Торс тяжело качнулся в воздухе и туго натянулся струной. Плот осел, сосна тряхнула вершиной и, как бы от боли, заскрипела корой. Люди, вытирая потные лбы, тяжело опустились на землю. Перед ними лежала река, как труп, исхлестанный плетями, — синяя и суровая.
— Гляди, с виду крепкий лед–то, а вот–вот прорвет, потому едучая она теперь, злая, — потряхивая бородкой, сказал худощавый мужик, насыпая трубку.
— Верно ты говоришь, Ермил Терентьич. Сердитая она: как попрет льдины–ну и беда, канаты ланишные — тово и гляди сорвет. В третьем году, царство им небесное Антону с Гришкой Сафкиным, — были на плоту, а канат возьми да лопни, ну так обоих и снесло. Два дня искали и ни к чему, — сгинули. — кто–то поддержал старика.
Рядом сидевший парень с расстегнутой рубахой, в кепке и в здоровых валеных сапогах, молча всматривался в другой берег, где виднелся узкий, низкий барак, похожий на разбитую баржу.
— Эй, парень, ты чиво это вытаращил глаза, стосковался, видно? — подсмеялся Ермил Терентьич. — Пусть обед готовят, по целковому в сутки я им обещал платить, харчи добрые.
Сашка улыбнулся и, вытянувшись на спине, как будто слушал, что о нем говорят Наташа с Ирой.
Лед все ниже садился в воду и уже ревел, вздымаясь торсом. Из–за реки уже неслись крики девчат, звонкие, заманчивые.

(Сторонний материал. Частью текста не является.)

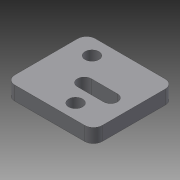
# Autodesk Inventor part: Carriage_Joint_Beltflap
Saved by Autodesk Inventor 2014 (Build 180170000, 170)
## iProperties
Created: 2014-10-17
Part Number: Carriage_Joint_Beltflap
Material: Generic
Document SubType Name: Modeling
Designer: ThatOtherGuy
Density: 1 g/cm^3
Appearance: Default
Author: ThatOtherGuy
Autodesk Inventor part; units mm, degrees
ref_plane "YZ Plane" through (0, 0, 0) normal (1, 0, 0) x (0, 1, 0)
ref_plane "XZ Plane" through (0, 0, 0) normal (0, 1, 0) x (-1, 0, 0)
ref_plane "XY Plane" through (0, 0, 0) normal (0, 0, 1) x (1, 0, 0)
sketch "Sketch1" plane through (0, 0, 0) normal (0, 0, 1) x (1, 0, 0)
  circle A0 centre (0, 0) radius 1.59
  line L0 (-12.5, 15) -> (7.5, 15)
  line L1 (7.5, 15) -> (7.5, -15)
  line L2 (7.5, -15) -> (-12.5, -15)
  line L3 (-12.5, -15) -> (-12.5, 15)
  circle A1 centre (-7.5, 11.25) radius 1.59
  line L4 (-3, 5) -> (3, 5) construction
  line L5 (-3, 3.4125) -> (3, 3.4125)
  line L6 (3, 6.5875) -> (-3, 6.5875)
  arc A2 (-3, 6.5875) -> (-3, 3.4125) centre (-3, 5) ccw
  arc A3 (3, 3.4125) -> (3, 6.5875) centre (3, 5) ccw
  line L7 (-3, -5) -> (3, -5) construction
  line L8 (-3, -6.5875) -> (3, -6.5875)
  line L9 (3, -3.4125) -> (-3, -3.4125)
  arc A4 (-3, -3.4125) -> (-3, -6.5875) centre (-3, -5) ccw
  arc A5 (3, -6.5875) -> (3, -3.4125) centre (3, -5) ccw
  line L10 (-12.5, -3.4125) -> (7.5, -3.4125)
  point P0 (7.5, 0)
  point P1 (0, 5)
  point P2 (0, -5)
  point P3 (0, 0)
  dimension "d2" = 3.18
  dimension "d31" = 20
  dimension "d32" = 30
  dimension "d33" = 10
  dimension "d35" = 5
  dimension "d39" = 3.175
  dimension "d41" = 6
  dimension "d42" = 9.175
  dimension "d44" = 7.5
  dimension "d45" = 15
  dimension "d46" = 11.25
  constraints: 26 end point, 8 point on circle, 8 tangent, 6 centre point, 6 parallel, 3 midpoint, 3 point on line, 2 equal radius, 2 horizontal, 2 perpendicular, 2 vertical alignment, 1 coincident, 1 horizontal alignment
  measures "d2" diameter of A0
  measures "d31" distance of L0.start L0.end
  measures "d32" distance of L2.end L0.start
  measures "d33" distance between parallel lines of L7 L4
  measures "d35" distance from line of point (0, 0) L4
  measures "d39" distance between parallel lines of L5 L6
  measures "d41" distance of L4.start L4.end
  measures "d44" distance from line of L1 A0.centre
  measures "d45" distance from line of L1 A1.centre
  measures "d46" vertical distance of A0.centre A1.centre
extrude "Extrusion1" add sketch "Sketch1" along normal blind 3.175 contours L0 L1 L10 L9 L3
fillet "Fillet1" radius 2 4 edges at (-12.5, 15, 1.5875) (7.5, 15, 1.5875) (7.5, -3.4125, 1.5875) (-12.5, -3.4125, 1.5875)
equation "\"d35\" = 0.5 * d33"
equation "\"d12\" = THICKA"
equation "\"THICKA\" = 3.175"
equation "\"THICKB\" = 6.731"
equation "\"THICKC\" = 12.7"
equation "\"MAGDIA\" = 9.5"
equation "\"BALLDIA\" = 12"
equation "\"THICKPLY\" = 5"
body "Solid1"

Красный платок Наташи горел и покачивался, будто подмигивал и тянул к себе.
— Пойдемте, девки давно зовут, — подымаясь, сказал Сашка.
— Иди, если жисть надоела, — отозвались голоса.
— Я пойду, чиво зря ждать: тут, пожалуй, с голоду сдохнешь, — крикнул он, уходя к берегу.
— Подожди! Куда это ты попер, дурак? Али хошь, штобы мы за тебя отвечать стали, — пытался остановить Терентьич.